Aber wie sollte das ganze denn aussehn? Natürlich kann man SELECTs ineinander schachteln, allerdings frag ich mich, wie die Bedingung aussehen soll:
Entweder ein Datensatz hat die positionsid 100 oder die positionsid 200, oder?

D.h. wenn ich die Datensätze mit der positionsid 100 auslese, dann werde ich innerhalb dieser Datensätze auch keine mehr finden mit der Positionisid 200, es sei denn ich greife mit der gefundenen Belegnummer auf eine andere Tabelle zu, das hast du aber nicht geschrieben.

Beschreibe bitte, welche und wieviel Tabelle involviert sind und wie deren Struktur ist, dann kann man dir weiter helfen.

Markus


----------



## Aenex (5. August 2007)

also es ist nur eine tabelle.

es gibt eine spalte posid und eine spalte artikel die ich abfragen möchte.

ich möchte alle belegnummern anzeigen lassen in denen der lieferschein als erste position eine bestimmte artikelnummer hat und an zweiter stelle auch eine bestimmte artikelnummer.

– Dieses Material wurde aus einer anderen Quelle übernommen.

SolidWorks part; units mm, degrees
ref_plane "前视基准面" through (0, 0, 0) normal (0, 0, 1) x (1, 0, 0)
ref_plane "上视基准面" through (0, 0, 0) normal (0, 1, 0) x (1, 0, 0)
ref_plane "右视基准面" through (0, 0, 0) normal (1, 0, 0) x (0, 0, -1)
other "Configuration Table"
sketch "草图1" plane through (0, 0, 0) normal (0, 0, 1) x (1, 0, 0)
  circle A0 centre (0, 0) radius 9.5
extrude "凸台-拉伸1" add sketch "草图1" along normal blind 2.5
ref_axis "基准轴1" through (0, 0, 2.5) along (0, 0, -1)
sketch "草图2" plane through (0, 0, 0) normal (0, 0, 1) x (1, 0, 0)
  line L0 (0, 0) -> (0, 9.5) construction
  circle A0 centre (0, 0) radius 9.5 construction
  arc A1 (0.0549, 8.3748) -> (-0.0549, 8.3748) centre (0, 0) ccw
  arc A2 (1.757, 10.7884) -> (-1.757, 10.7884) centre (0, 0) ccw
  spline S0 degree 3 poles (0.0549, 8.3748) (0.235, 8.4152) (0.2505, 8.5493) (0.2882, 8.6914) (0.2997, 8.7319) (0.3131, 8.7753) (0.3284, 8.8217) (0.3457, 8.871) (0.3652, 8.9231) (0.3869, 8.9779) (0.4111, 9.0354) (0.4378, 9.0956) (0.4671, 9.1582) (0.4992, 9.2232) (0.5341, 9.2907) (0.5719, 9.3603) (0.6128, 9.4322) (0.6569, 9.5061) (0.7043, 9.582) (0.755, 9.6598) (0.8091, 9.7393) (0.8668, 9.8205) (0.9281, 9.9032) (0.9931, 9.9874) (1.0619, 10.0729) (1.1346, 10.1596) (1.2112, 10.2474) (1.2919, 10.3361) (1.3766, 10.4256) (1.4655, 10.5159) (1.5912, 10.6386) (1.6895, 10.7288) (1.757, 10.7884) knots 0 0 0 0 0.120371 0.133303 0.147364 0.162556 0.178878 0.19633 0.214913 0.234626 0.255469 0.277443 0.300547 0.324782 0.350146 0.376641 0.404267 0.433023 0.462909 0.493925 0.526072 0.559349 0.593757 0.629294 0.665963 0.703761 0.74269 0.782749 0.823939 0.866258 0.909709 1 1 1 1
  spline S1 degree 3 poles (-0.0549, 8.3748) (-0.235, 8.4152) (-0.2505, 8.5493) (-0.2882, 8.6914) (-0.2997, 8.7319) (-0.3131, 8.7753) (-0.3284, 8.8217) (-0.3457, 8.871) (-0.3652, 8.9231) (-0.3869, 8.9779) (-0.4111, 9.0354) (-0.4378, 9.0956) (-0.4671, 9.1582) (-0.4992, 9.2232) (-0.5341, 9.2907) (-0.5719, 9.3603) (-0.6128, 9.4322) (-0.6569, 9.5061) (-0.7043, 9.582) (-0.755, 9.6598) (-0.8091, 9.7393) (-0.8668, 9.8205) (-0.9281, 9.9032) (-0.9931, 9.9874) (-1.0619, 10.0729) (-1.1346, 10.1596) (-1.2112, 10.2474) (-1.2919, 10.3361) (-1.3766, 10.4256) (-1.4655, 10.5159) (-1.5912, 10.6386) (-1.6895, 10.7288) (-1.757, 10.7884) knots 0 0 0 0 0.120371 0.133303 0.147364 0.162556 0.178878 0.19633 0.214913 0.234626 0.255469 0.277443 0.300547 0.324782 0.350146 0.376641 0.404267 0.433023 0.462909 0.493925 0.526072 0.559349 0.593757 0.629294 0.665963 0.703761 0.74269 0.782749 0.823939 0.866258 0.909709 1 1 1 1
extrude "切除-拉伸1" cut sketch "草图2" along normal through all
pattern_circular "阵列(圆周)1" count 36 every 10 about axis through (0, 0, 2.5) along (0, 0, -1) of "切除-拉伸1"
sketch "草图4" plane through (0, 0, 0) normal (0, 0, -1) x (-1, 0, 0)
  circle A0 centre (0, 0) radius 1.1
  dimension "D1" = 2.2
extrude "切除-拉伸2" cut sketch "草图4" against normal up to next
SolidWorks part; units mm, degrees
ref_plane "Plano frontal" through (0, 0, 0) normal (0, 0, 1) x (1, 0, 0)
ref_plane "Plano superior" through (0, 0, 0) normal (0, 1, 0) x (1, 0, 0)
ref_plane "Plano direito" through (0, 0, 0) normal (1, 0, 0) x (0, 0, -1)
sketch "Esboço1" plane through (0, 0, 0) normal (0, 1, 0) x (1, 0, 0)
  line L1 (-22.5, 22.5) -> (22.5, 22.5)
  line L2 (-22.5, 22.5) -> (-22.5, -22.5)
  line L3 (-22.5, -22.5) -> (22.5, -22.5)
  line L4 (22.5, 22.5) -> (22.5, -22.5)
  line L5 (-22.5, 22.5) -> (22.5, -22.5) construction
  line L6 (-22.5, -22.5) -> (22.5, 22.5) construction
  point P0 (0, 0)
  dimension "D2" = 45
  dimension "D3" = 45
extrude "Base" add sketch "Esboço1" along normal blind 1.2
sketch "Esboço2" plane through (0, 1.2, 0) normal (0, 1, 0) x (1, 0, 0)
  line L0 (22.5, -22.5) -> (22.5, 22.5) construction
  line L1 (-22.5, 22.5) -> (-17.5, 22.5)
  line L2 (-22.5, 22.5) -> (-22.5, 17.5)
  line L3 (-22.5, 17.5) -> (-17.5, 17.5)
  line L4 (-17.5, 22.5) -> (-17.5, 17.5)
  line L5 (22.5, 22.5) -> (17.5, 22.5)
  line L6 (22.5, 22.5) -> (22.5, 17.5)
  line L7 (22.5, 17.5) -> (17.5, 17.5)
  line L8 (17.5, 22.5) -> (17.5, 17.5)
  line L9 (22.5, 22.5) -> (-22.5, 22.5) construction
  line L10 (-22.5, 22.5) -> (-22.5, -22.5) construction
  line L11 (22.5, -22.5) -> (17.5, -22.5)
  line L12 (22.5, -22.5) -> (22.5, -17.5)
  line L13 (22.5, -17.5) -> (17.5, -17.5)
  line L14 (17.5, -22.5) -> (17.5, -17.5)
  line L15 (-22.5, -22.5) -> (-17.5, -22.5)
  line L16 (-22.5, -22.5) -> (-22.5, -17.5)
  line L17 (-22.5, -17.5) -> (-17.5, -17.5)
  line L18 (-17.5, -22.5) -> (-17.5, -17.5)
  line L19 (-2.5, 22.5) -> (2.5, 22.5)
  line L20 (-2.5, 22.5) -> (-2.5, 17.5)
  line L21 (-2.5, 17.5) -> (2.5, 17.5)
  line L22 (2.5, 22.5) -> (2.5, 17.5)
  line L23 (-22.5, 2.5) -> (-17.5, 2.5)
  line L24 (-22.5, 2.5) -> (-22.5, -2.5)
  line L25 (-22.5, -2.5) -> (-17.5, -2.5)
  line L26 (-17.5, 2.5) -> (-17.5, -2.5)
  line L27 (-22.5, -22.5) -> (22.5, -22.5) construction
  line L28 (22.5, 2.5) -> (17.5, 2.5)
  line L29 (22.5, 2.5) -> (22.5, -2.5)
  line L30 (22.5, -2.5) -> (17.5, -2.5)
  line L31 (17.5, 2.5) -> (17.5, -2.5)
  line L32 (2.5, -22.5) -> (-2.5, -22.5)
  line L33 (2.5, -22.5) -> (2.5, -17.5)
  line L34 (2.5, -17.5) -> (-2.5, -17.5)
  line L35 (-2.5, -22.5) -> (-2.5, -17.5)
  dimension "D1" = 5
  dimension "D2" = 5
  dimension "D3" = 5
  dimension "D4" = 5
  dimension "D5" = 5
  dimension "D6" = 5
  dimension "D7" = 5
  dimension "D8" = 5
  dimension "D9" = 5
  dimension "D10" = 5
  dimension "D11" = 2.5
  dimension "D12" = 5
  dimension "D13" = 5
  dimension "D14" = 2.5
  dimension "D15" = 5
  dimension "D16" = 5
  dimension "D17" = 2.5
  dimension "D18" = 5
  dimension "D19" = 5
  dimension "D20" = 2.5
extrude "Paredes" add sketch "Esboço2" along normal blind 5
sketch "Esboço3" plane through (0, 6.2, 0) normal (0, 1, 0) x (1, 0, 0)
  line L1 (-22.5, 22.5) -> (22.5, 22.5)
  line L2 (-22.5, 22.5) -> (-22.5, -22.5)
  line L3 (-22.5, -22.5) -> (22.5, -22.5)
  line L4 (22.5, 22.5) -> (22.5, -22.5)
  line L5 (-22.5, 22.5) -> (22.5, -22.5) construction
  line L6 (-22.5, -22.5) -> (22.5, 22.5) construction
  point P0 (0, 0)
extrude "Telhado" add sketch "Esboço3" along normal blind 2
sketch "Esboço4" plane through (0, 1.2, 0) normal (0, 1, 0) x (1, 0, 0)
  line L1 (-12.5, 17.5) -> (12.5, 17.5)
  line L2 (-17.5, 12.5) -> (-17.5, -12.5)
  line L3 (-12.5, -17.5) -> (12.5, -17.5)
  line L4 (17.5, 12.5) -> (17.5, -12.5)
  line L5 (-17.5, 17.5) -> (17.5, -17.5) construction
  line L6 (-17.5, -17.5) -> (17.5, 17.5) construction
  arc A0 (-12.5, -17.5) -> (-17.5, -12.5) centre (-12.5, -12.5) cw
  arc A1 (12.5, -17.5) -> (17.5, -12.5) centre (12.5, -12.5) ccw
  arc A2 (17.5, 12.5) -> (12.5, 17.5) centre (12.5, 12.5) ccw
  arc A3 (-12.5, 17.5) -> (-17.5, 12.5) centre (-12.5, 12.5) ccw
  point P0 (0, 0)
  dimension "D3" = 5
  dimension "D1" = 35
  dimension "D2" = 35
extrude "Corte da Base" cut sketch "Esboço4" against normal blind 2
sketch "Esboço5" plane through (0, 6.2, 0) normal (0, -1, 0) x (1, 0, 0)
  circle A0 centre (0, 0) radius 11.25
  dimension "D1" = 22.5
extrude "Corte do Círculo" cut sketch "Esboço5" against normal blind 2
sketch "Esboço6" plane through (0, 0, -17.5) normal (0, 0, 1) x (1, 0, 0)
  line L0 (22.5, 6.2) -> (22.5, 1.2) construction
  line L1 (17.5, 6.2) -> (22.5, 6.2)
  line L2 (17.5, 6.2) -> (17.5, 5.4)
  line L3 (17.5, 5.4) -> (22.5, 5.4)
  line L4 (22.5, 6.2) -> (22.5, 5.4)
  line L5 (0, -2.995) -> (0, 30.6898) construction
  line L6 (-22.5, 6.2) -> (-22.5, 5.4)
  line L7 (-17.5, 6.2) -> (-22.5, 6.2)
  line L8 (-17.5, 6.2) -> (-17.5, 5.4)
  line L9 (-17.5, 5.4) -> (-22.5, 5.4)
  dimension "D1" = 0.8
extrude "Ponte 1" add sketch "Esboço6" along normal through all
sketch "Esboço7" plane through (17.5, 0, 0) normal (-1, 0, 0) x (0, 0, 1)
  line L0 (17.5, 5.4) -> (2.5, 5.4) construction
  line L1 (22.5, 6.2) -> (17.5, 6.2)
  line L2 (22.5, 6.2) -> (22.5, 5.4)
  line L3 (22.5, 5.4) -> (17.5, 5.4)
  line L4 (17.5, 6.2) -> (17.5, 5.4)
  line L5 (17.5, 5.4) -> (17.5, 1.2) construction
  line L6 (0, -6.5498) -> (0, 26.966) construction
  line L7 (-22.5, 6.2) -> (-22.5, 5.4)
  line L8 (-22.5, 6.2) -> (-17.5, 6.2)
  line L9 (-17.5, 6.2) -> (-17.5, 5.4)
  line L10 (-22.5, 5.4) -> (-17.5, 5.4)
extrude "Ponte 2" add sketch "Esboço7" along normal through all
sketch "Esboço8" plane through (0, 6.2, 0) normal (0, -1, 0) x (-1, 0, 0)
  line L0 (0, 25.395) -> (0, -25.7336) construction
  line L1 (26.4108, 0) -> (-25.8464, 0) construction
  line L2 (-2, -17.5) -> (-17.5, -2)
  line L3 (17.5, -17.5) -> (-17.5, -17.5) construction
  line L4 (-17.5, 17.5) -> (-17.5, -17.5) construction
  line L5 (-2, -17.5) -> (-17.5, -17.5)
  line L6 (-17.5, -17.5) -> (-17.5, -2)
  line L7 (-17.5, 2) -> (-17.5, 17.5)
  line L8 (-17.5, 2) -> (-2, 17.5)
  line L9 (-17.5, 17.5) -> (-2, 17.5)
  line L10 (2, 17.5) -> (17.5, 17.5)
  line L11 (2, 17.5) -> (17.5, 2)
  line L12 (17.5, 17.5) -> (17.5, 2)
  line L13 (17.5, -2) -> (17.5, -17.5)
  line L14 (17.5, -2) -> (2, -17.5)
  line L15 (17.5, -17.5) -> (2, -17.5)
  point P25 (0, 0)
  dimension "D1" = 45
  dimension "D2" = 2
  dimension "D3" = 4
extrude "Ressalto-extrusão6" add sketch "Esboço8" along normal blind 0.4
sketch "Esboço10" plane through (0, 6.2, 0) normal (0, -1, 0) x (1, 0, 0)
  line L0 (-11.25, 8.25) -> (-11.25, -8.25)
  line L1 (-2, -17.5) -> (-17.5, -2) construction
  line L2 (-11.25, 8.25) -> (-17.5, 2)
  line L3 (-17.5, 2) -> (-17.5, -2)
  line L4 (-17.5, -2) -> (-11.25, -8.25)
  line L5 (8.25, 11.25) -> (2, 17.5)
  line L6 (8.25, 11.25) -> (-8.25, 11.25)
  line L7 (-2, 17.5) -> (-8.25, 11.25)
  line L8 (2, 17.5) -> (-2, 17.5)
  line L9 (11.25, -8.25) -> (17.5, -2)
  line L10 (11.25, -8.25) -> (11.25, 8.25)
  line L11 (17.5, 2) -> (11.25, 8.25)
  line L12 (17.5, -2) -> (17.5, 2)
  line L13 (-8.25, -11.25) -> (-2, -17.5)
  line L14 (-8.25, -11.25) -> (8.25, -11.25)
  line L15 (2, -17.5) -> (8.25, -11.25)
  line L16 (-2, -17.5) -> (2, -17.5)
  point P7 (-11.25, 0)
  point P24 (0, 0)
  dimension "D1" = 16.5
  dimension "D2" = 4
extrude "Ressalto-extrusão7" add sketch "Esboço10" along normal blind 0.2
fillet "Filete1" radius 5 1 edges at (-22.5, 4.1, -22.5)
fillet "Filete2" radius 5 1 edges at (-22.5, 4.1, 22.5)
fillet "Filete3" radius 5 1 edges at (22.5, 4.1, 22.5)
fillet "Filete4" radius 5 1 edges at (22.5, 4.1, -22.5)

belegnummer | posid | artikel |
-------------------------------------------- 
34567            | 1       | 12345 |
-------------------------------------------
34567            | 2       | 23555 |

ich hoffe ich hab das einigermassen verständlich erklärt was ich möchte ;-)

Danke für Deine Hilfe


----------



## lmarkus31 (6. August 2007)

Hallo nochmal,

ok, das klingt schon ein wenig anders ;-)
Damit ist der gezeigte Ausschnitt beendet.